The Oregon Coast is prone to tsunamis due to its location along the Cascadia Subduction Zone (CSZ), a 700-mile-long “megathrust” fault that runs offshore from British Columbia to northern California. Most of the time, tectonic plates move incredibly slowly and harmlessly, but every once in a while they become stuck, releasing a massive amount of energy in the form of an earthquake when they break free. When this happens along a seafloor, it can then trigger a tsunami. The more stress and tension accumulate along the Cascadia Subduction Zone, the larger the earthquake and tsunami will be.
How common are tsunamis in Oregon?
Oregon has a 37% chance of experiencing an earthquake of 7.1 magnitude or greater and a subsequent tsunami sometime in the next 50 years, according to the Oregon Department of Emergency Management. If an earthquake originating in the Cascadia Subduction Zone reached a magnitude of 9.0 or greater, the resulting 100-foot tsunami would likely hit the Oregon Coast within just 15 to 20 minutes.

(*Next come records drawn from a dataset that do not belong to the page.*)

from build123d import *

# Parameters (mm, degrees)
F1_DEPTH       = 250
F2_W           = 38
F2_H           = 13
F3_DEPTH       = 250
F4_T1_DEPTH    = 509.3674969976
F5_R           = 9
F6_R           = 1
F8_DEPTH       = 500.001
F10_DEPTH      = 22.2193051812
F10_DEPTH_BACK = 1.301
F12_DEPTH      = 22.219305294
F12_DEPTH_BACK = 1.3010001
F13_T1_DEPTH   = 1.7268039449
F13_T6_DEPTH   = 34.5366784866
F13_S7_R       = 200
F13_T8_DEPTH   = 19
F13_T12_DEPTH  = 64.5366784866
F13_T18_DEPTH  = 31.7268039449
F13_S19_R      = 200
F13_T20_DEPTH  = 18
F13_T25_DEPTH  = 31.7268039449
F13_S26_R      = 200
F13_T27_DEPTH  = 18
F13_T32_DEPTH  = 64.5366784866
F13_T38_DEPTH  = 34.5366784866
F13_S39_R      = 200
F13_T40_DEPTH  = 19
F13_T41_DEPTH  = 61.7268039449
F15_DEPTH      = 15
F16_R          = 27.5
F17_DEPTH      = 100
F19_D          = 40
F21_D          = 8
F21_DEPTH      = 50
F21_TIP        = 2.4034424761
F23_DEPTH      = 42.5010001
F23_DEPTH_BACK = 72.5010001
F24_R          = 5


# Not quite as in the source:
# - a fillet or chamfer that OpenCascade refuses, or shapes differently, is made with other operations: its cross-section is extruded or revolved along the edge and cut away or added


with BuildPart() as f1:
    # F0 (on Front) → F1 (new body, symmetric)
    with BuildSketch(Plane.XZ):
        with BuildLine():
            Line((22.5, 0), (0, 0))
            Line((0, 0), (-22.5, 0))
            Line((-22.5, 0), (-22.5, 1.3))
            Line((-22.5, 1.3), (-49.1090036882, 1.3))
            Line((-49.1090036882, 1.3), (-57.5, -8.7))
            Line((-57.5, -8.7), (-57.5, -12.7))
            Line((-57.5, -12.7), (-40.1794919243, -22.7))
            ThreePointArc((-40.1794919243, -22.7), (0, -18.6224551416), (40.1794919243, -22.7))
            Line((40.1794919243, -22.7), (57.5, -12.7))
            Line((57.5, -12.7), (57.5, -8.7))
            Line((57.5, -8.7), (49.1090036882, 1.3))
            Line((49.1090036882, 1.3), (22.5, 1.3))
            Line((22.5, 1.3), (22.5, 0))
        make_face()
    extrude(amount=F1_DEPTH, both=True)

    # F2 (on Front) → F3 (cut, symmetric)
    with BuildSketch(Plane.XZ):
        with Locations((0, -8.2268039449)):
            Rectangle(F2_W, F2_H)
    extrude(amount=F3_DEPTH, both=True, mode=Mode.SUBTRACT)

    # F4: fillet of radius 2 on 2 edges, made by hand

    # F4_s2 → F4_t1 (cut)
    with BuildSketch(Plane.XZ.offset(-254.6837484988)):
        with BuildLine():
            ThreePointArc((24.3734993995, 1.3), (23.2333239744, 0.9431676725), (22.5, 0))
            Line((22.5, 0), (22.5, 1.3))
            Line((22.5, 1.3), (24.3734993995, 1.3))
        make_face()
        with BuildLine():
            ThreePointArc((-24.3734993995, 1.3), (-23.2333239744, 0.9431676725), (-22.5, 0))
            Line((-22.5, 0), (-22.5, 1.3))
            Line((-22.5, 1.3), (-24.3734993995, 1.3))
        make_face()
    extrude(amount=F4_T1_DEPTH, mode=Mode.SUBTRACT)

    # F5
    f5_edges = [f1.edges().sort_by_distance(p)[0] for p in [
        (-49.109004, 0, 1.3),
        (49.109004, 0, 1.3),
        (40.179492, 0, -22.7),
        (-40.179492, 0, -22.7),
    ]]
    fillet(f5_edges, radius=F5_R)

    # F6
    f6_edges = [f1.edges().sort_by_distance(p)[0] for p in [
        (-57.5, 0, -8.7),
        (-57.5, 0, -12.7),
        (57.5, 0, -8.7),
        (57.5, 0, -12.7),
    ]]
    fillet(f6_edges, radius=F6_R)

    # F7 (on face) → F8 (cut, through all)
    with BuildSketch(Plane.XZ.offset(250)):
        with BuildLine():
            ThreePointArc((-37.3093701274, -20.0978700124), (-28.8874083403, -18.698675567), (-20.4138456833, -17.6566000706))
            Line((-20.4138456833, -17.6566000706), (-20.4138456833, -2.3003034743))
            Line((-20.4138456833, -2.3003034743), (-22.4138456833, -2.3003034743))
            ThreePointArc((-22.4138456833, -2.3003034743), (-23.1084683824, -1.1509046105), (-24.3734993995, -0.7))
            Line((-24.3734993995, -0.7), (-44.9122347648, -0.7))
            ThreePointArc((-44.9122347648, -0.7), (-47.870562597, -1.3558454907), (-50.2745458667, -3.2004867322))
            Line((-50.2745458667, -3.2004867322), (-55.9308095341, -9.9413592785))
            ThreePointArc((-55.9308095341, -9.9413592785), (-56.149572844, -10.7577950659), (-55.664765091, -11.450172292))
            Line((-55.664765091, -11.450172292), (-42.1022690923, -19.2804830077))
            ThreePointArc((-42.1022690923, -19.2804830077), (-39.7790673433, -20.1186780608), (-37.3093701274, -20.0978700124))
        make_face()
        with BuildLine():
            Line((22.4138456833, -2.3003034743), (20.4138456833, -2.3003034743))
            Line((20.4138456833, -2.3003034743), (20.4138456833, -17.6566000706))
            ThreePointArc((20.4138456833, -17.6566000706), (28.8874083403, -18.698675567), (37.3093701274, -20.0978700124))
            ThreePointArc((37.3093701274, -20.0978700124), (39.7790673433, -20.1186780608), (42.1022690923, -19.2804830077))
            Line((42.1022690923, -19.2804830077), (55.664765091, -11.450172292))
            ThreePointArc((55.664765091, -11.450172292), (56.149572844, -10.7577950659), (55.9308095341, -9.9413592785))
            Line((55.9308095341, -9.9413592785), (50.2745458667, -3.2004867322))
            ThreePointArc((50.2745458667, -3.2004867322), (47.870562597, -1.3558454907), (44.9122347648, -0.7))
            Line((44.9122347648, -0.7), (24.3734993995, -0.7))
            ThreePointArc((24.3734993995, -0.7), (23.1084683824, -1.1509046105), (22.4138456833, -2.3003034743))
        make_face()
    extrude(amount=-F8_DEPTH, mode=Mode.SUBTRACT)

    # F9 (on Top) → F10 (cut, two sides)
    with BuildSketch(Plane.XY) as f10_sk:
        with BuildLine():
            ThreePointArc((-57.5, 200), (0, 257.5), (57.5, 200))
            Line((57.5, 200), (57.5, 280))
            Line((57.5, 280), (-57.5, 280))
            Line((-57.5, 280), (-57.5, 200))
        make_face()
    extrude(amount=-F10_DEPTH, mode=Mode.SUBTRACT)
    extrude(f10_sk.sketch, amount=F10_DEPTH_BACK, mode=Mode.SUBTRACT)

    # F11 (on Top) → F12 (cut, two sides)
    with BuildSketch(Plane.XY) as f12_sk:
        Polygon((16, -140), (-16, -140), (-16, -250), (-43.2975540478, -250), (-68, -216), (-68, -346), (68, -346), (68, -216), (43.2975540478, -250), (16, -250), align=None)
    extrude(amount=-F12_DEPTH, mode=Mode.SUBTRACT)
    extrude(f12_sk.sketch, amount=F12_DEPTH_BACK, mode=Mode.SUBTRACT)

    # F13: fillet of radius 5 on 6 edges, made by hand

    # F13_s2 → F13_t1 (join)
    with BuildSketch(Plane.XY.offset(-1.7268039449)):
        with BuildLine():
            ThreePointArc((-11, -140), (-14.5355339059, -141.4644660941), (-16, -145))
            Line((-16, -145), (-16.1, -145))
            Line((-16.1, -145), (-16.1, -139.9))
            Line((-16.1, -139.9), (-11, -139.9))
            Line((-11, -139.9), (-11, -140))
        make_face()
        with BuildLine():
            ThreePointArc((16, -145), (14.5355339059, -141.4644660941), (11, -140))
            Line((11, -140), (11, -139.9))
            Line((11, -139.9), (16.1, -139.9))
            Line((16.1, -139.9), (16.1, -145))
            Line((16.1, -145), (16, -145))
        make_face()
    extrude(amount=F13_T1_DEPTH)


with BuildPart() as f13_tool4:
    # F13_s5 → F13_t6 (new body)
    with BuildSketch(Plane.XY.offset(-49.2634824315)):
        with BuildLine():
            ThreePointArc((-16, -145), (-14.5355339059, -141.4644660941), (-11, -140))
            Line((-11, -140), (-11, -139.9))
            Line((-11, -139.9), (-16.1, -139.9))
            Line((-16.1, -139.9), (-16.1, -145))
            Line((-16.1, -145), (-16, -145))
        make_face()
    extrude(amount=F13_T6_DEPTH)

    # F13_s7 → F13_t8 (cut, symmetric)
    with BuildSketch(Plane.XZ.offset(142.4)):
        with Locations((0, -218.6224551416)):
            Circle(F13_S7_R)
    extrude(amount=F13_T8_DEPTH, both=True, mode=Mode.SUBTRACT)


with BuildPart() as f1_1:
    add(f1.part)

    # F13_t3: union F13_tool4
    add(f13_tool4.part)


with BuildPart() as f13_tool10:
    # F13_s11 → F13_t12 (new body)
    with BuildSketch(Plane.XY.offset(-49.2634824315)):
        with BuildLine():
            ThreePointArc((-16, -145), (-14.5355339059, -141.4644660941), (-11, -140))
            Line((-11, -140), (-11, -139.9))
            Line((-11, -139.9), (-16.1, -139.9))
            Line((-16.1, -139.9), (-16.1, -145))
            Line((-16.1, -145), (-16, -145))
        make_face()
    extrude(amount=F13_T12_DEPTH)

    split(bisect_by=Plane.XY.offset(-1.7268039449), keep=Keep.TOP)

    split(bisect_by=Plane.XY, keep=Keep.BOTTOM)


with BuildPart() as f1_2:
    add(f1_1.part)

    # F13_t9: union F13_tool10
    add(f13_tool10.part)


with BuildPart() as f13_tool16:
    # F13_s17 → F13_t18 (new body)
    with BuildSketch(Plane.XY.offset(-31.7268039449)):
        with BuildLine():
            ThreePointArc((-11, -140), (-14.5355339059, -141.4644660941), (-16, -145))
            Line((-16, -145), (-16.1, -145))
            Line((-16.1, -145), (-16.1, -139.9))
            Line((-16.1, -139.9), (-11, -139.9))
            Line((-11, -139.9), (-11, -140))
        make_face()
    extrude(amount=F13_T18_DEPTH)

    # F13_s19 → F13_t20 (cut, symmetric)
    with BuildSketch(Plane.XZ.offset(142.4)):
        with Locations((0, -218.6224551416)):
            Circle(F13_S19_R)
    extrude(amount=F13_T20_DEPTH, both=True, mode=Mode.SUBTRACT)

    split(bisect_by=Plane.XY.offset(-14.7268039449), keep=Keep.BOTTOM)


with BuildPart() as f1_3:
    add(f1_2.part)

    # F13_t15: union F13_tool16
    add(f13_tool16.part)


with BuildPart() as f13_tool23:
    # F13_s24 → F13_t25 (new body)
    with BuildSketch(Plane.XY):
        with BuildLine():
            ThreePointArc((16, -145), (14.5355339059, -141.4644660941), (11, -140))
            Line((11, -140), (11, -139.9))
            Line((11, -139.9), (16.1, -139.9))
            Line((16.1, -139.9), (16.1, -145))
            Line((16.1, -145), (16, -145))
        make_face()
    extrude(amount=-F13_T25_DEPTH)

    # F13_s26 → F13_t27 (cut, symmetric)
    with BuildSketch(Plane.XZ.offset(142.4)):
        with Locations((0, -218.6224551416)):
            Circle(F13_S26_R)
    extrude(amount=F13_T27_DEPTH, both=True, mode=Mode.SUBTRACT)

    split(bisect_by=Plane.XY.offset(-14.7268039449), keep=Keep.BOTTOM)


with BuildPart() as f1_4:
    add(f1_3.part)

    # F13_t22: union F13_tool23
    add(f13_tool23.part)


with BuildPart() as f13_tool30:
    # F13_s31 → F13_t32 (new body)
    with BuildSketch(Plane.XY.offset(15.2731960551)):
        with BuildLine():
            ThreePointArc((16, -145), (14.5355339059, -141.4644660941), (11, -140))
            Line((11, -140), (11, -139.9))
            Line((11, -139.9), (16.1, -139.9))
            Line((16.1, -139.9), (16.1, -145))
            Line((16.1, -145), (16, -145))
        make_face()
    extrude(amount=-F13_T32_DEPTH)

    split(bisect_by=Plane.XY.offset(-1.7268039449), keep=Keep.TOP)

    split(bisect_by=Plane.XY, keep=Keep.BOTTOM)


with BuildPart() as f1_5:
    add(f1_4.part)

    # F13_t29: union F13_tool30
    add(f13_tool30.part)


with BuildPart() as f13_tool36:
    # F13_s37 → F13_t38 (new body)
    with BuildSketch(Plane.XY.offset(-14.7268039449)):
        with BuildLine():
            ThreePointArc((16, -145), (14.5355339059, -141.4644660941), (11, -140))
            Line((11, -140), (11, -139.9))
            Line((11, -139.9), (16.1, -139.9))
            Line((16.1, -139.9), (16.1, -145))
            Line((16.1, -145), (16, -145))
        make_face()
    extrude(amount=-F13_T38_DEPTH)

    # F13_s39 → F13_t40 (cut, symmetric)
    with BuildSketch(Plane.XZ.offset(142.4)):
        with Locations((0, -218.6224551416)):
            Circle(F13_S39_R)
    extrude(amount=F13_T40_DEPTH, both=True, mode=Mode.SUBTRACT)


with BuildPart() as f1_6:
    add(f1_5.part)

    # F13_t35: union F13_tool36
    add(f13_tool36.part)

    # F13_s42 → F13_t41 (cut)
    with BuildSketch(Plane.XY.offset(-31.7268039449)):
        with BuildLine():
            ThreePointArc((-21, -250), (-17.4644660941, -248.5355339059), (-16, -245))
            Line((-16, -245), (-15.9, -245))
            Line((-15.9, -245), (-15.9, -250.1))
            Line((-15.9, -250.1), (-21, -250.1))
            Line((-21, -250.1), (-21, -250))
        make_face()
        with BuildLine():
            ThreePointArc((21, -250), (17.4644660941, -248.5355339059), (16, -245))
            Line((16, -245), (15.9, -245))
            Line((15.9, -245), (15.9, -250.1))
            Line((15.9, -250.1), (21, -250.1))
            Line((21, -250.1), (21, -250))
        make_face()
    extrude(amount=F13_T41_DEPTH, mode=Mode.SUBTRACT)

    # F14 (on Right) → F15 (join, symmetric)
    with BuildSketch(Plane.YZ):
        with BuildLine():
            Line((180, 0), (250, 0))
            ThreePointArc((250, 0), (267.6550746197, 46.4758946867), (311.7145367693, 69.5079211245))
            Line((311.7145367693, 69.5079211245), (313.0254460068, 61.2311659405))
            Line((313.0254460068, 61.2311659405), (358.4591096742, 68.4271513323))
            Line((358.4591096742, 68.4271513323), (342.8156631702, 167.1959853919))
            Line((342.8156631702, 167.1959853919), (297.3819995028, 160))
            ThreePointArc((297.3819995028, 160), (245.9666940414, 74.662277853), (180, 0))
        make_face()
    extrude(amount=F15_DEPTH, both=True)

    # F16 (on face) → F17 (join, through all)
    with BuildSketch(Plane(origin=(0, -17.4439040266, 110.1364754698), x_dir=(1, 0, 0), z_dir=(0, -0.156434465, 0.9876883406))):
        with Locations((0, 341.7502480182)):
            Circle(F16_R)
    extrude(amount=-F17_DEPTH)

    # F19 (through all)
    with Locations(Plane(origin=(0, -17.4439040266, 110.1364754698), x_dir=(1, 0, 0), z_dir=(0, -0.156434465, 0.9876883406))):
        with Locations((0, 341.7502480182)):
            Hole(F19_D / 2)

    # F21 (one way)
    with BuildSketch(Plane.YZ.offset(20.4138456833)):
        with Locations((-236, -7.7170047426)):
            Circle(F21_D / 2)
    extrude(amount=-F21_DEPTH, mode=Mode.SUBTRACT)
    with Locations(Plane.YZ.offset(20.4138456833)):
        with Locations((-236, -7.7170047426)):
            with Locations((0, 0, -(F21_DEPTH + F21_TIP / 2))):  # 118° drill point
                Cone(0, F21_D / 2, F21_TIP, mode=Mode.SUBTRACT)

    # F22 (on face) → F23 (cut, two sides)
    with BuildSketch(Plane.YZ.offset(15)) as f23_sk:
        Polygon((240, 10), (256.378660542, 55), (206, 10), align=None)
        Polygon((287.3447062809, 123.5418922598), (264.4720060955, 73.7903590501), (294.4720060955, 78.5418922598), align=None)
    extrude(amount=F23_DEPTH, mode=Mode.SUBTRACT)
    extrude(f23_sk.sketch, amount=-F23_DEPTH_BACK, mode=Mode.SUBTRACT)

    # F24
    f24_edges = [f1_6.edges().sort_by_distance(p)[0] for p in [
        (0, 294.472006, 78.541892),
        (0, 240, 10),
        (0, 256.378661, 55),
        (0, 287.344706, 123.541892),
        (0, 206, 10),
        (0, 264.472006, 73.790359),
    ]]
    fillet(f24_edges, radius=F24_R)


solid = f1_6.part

The last major earthquake along the Cascadia Subduction Zone occurred in 1700 with a devastating magnitude of 9.0. Indigenous oral history published in 2005 in Seismological Research Letters describes massive saltwater flooding and a force so strong “people could neither stand nor sit for the extreme motion of the earth.” There’s no precise record of how many people died in the earthquake of 1700, but the devastation was extensive. “The next one might not be for another 100 years or even 200 years,” Ed Nissen, a researcher at the University of Victoria, told CTVNews. “But it’s also true to say it could happen tomorrow.”
The type of tsunami caused by the Cascadia Subduction Zone or another nearby fault is defined as “local” due to the earthquake’s close proximity. However, Oregon can also experience “distant” tsunamis, which travel across the ocean and give people more time to escape. For instance, in 1964, a magnitude 9.2 earthquake occurred in Alaska, causing a tsunami to race across the ocean at 500 mph before inundating Cannon Beach and other coastal communities.